→ **GOAL OF THE EXERCISE**: Give back the data below word for word. Any image in it should be left out.

(Collection entries)
========
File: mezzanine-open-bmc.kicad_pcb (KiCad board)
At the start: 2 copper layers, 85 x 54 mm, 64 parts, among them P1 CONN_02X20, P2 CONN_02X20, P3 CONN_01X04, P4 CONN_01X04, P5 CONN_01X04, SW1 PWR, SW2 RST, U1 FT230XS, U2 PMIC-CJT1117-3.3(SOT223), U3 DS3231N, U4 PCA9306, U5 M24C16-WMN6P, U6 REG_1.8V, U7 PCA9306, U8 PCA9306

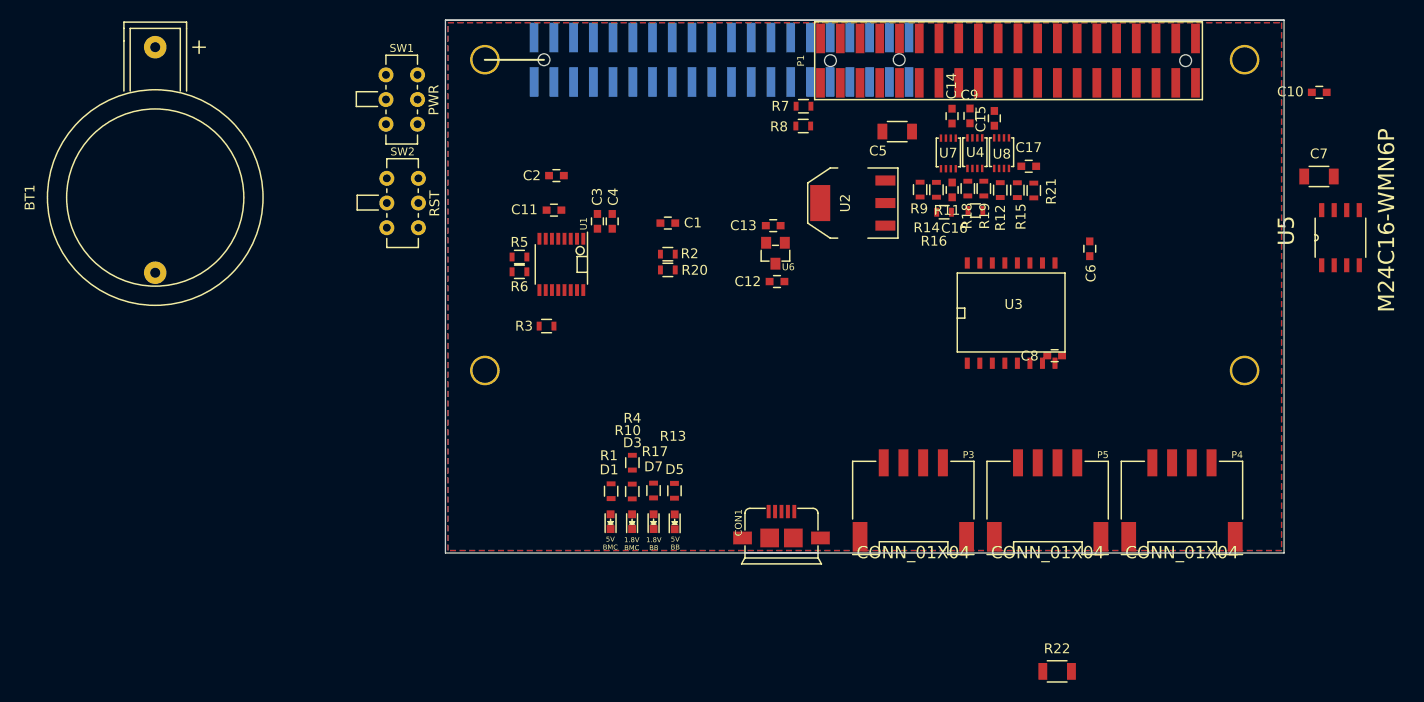
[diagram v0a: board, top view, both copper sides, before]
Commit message: Position USB and Connect
The USB is now positioned and all its important components are connected.

Signed-off-by: Sophie Haynes <sophie.haynes@linaro.org>
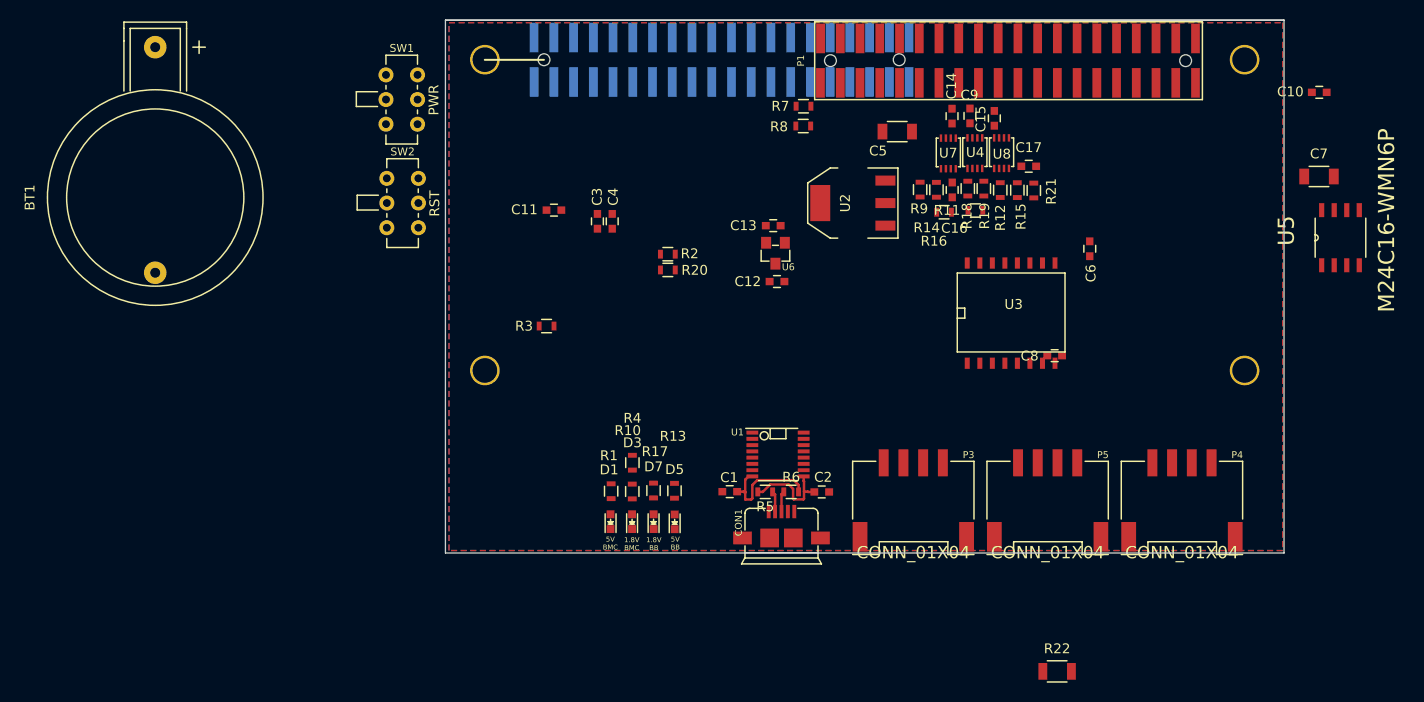
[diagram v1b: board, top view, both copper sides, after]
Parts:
- moved C2 41.8 mm to (138.1, 147.8)
- moved R6 35.4 mm to (135.0, 147.8), turned to 180 degrees
- moved R5 34.5 mm to (132.4, 147.8), turned to 0 degrees
- moved U1 29.2 mm to (133.7, 144.0), turned to 0 degrees
- moved C1 27.9 mm to (128.8, 147.8)
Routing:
- net /USB+: track 0.00 -> 13.7 mm
- net /USB-: track 0.00 -> 11.7 mm

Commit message: Move Switches to Bottom of Board
Signed-off-by: Sophie Haynes <sophie.haynes@linaro.org>
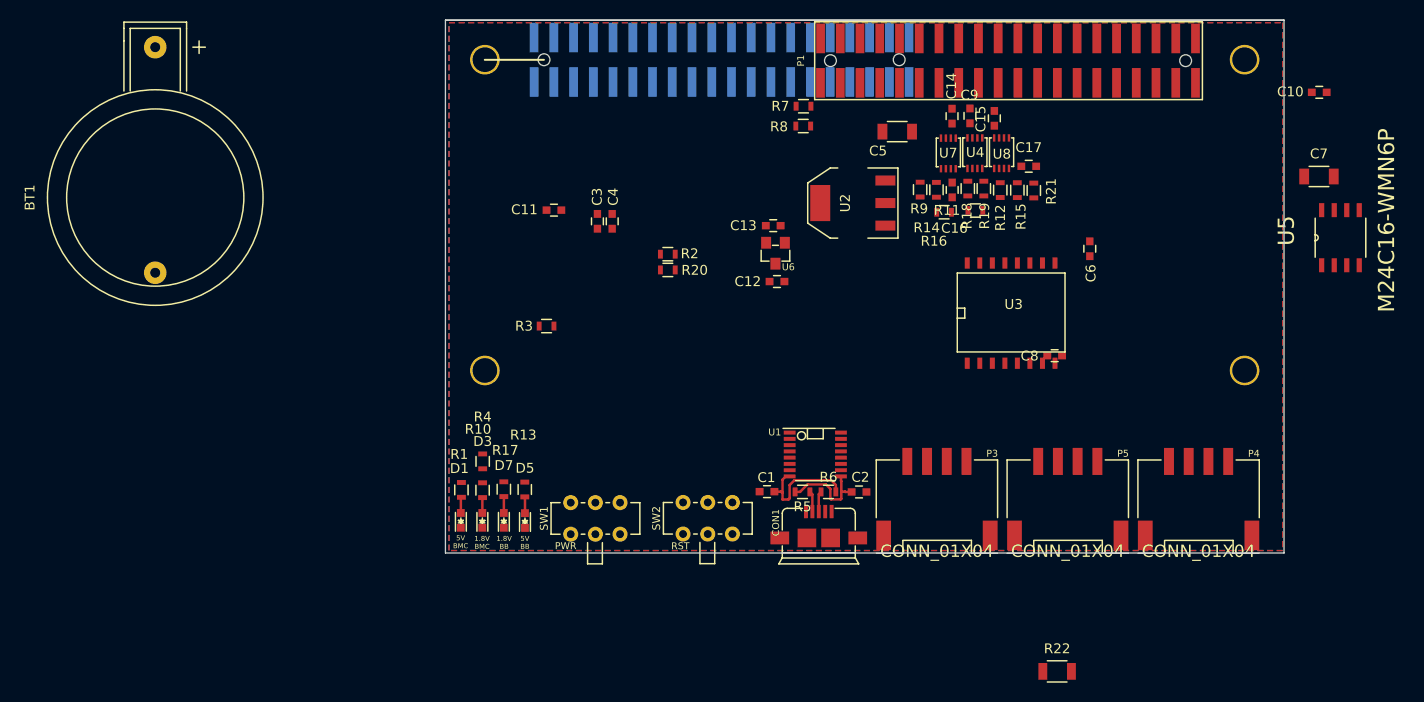
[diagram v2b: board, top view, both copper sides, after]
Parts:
- moved SW1 48.9 mm to (115.2, 152.1), turned to 0 degrees
- moved SW2 46.7 mm to (126.6, 152.1), turned to 0 degrees
- moved D3 15.2 mm to (103.7, 150.7)
- moved D7 15.2 mm to (105.9, 150.7)
- moved R13 15.2 mm to (108.0, 147.6)
- moved D1 15.2 mm to (101.6, 150.7)
- moved D5 15.2 mm to (108.1, 150.7)
- moved R1 15.2 mm to (101.6, 147.6)
- moved R10 15.2 mm to (103.8, 147.6)
- moved R17 15.2 mm to (105.9, 147.5)
- moved R4 15.2 mm to (103.8, 144.7)
- moved C1 3.78 mm to (132.6, 147.8)
- moved C2 3.78 mm to (141.9, 147.8)
- moved CON1 3.78 mm to (137.8, 154.0)
- moved R5 3.78 mm to (136.2, 147.8)
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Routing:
- net Net-(D7-Pad2): track 0.00 -> 1.66 mm
- net Net-(D5-Pad2): track 0.00 -> 1.65 mm
- net Net-(D1-Pad2): track 0.00 -> 1.61 mm
- net Net-(D3-Pad2): track 0.00 -> 1.57 mm

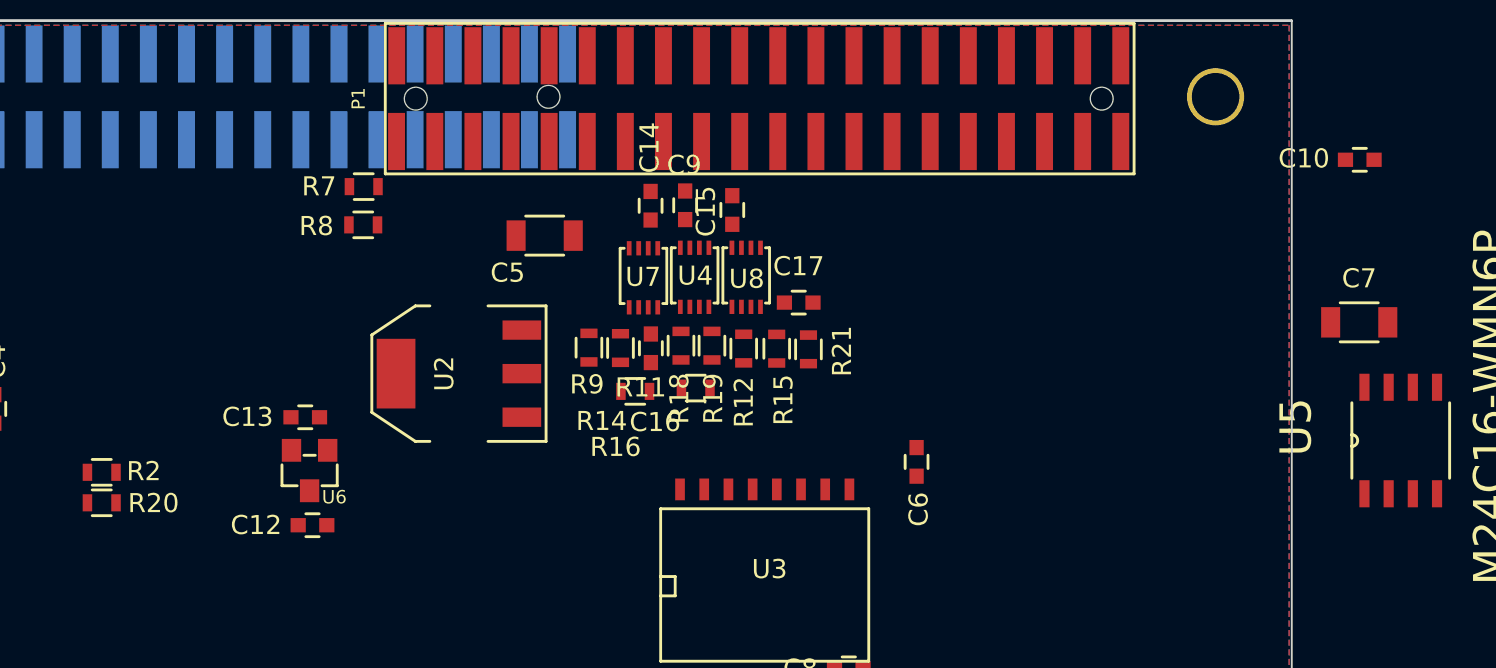
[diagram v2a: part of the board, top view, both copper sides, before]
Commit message: Position Grove Conn. Level Shifters
All three LS for the grove Connecotrs have been placed in a nice
layout in suitable location on board.

Signed-off-by: Sophie Haynes <sophie.haynes@linaro.org>
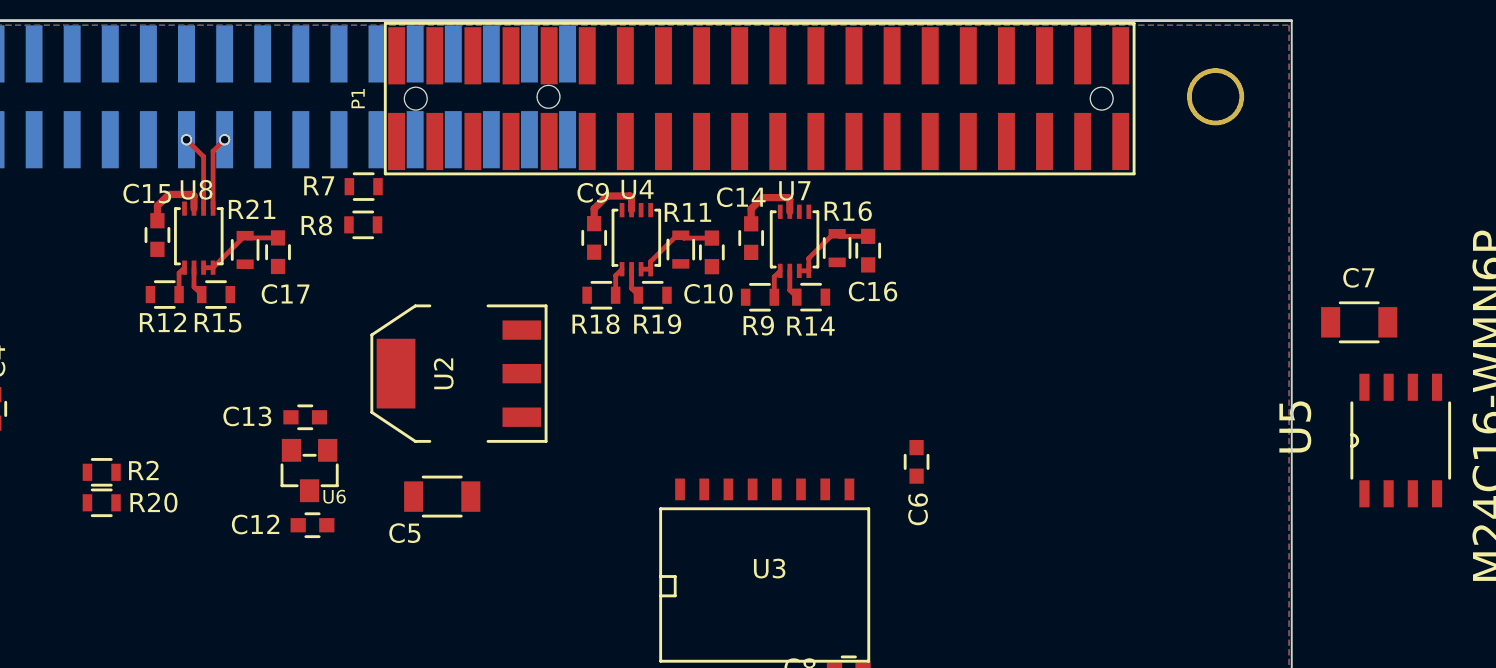
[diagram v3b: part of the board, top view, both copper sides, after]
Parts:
- moved C10 34.3 mm to (154.6, 112.2), turned to 270 degrees
- moved R12 30.5 mm to (125.9, 114.4), turned to 0 degrees
- moved C15 30.2 mm to (125.5, 111.3), turned to 270 degrees
- moved R21 30.0 mm to (130.1, 112.0)
- moved R15 29.6 mm to (128.5, 114.4), turned to 180 degrees
- moved U8 28.8 mm to (126.9, 109.9)
- moved C17 27.5 mm to (131.8, 112.2), turned to 270 degrees
- moved C5 14.7 mm to (140.4, 125.0)
- moved R16 13.0 mm to (161.1, 111.9), turned to 90 degrees
- moved C16 12.5 mm to (162.8, 112.1)
- moved R14 10.4 mm to (159.8, 114.5), turned to 180 degrees
- moved R9 9.36 mm to (157.1, 114.5), turned to 0 degrees
- moved U7 8.16 mm to (158.2, 110.0)
- moved R11 7.31 mm to (152.9, 112.0), turned to 90 degrees
- moved C14 5.54 mm to (156.6, 111.4), turned to 270 degrees
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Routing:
- net +1V8: track 0.00 -> 11.1 mm
- net Net-(C16-Pad1): track 0.00 -> 4.86 mm
- net Net-(C10-Pad1): track 0.00 -> 4.75 mm
- net Net-(C17-Pad1): track 0.00 -> 4.65 mm
- net I2C1_SDA: track 0.00 -> 4.06 mm, vias 0 -> 1
- net I2C1_SCL: track 0.00 -> 3.99 mm, vias 0 -> 1
- net I2C0_SCL_3.3: track 0.00 -> 1.72 mm
- net I2C1_SCL_3.3: track 0.00 -> 1.58 mm
- net I2C1_SCL_BMC_3.3: track 0.00 -> 1.53 mm
- net I2C1_SDA_3.3: track 0.00 -> 1.53 mm
- net I2C1_SDA_BMC_3.3: track 0.00 -> 1.52 mm
- net I2C0_SDA_3.3: track 0.00 -> 1.50 mm

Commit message: [WIP] PCB In Progress
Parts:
- U2: value PMIC-CJT1117-3.3(SOT223) -> SOT223
- moved R22 56.2 mm to (166.2, 110.0), turned to 180 degrees
- moved BT1 41.1 mm to (111.7, 119.5), turned to 270 degrees
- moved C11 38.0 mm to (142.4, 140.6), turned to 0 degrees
========
→ **SOLUTION TO THE PROBLEM**:
File: mezzanine-open-bmc.kicad_pcb (KiCad board)
At the start: 2 copper layers, 85 x 54 mm, 64 parts, among them P1 CONN_02X20, P2 CONN_02X20, P3 CONN_01X04, P4 CONN_01X04, P5 CONN_01X04, SW1 PWR, SW2 RST, U1 FT230XS, U2 PMIC-CJT1117-3.3(SOT223), U3 DS3231N, U4 PCA9306, U5 M24C16-WMN6P, U6 REG_1.8V, U7 PCA9306, U8 PCA9306

[diagram v0a: board, top view, both copper sides, before]
Commit message: Position USB and Connect
The USB is now positioned and all its important components are connected.

Signed-off-by: Sophie Haynes <sophie.haynes@linaro.org>
[diagram v1b: board, top view, both copper sides, after]
Parts:
- moved C2 41.8 mm to (138.1, 147.8)
- moved R6 35.4 mm to (135.0, 147.8), turned to 180 degrees
- moved R5 34.5 mm to (132.4, 147.8), turned to 0 degrees
- moved U1 29.2 mm to (133.7, 144.0), turned to 0 degrees
- moved C1 27.9 mm to (128.8, 147.8)
Routing:
- net /USB+: track 0.00 -> 13.7 mm
- net /USB-: track 0.00 -> 11.7 mm

Commit message: Move Switches to Bottom of Board
Signed-off-by: Sophie Haynes <sophie.haynes@linaro.org>
[diagram v2b: board, top view, both copper sides, after]
Parts:
- moved SW1 48.9 mm to (115.2, 152.1), turned to 0 degrees
- moved SW2 46.7 mm to (126.6, 152.1), turned to 0 degrees
- moved D3 15.2 mm to (103.7, 150.7)
- moved D7 15.2 mm to (105.9, 150.7)
- moved R13 15.2 mm to (108.0, 147.6)
- moved D1 15.2 mm to (101.6, 150.7)
- moved D5 15.2 mm to (108.1, 150.7)
- moved R1 15.2 mm to (101.6, 147.6)
- moved R10 15.2 mm to (103.8, 147.6)
- moved R17 15.2 mm to (105.9, 147.5)
- moved R4 15.2 mm to (103.8, 144.7)
- moved C1 3.78 mm to (132.6, 147.8)
- moved C2 3.78 mm to (141.9, 147.8)
- moved CON1 3.78 mm to (137.8, 154.0)
- moved R5 3.78 mm to (136.2, 147.8)
Routing:
- net Net-(D7-Pad2): track 0.00 -> 1.66 mm
- net Net-(D5-Pad2): track 0.00 -> 1.65 mm
- net Net-(D1-Pad2): track 0.00 -> 1.61 mm
- net Net-(D3-Pad2): track 0.00 -> 1.57 mm

[diagram v2a: part of the board, top view, both copper sides, before]
Commit message: Position Grove Conn. Level Shifters
All three LS for the grove Connecotrs have been placed in a nice
layout in suitable location on board.

Signed-off-by: Sophie Haynes <sophie.haynes@linaro.org>
[diagram v3b: part of the board, top view, both copper sides, after]
Parts:
- moved C10 34.3 mm to (154.6, 112.2), turned to 270 degrees
- moved R12 30.5 mm to (125.9, 114.4), turned to 0 degrees
- moved C15 30.2 mm to (125.5, 111.3), turned to 270 degrees
- moved R21 30.0 mm to (130.1, 112.0)
- moved R15 29.6 mm to (128.5, 114.4), turned to 180 degrees
- moved U8 28.8 mm to (126.9, 109.9)
- moved C17 27.5 mm to (131.8, 112.2), turned to 270 degrees
- moved C5 14.7 mm to (140.4, 125.0)
- moved R16 13.0 mm to (161.1, 111.9), turned to 90 degrees
- moved C16 12.5 mm to (162.8, 112.1)
- moved R14 10.4 mm to (159.8, 114.5), turned to 180 degrees
- moved R9 9.36 mm to (157.1, 114.5), turned to 0 degrees
- moved U7 8.16 mm to (158.2, 110.0)
- moved R11 7.31 mm to (152.9, 112.0), turned to 90 degrees
- moved C14 5.54 mm to (156.6, 111.4), turned to 270 degrees
Routing:
- net +1V8: track 0.00 -> 11.1 mm
- net Net-(C16-Pad1): track 0.00 -> 4.86 mm
- net Net-(C10-Pad1): track 0.00 -> 4.75 mm
- net Net-(C17-Pad1): track 0.00 -> 4.65 mm
- net I2C1_SDA: track 0.00 -> 4.06 mm, vias 0 -> 1
- net I2C1_SCL: track 0.00 -> 3.99 mm, vias 0 -> 1
- net I2C0_SCL_3.3: track 0.00 -> 1.72 mm
- net I2C1_SCL_3.3: track 0.00 -> 1.58 mm
- net I2C1_SCL_BMC_3.3: track 0.00 -> 1.53 mm
- net I2C1_SDA_3.3: track 0.00 -> 1.53 mm
- net I2C1_SDA_BMC_3.3: track 0.00 -> 1.52 mm
- net I2C0_SDA_3.3: track 0.00 -> 1.50 mm

Commit message: [WIP] PCB In Progress
Parts:
- U2: value PMIC-CJT1117-3.3(SOT223) -> SOT223
- moved R22 56.2 mm to (166.2, 110.0), turned to 180 degrees
- moved BT1 41.1 mm to (111.7, 119.5), turned to 270 degrees
- moved C11 38.0 mm to (142.4, 140.6), turned to 0 degrees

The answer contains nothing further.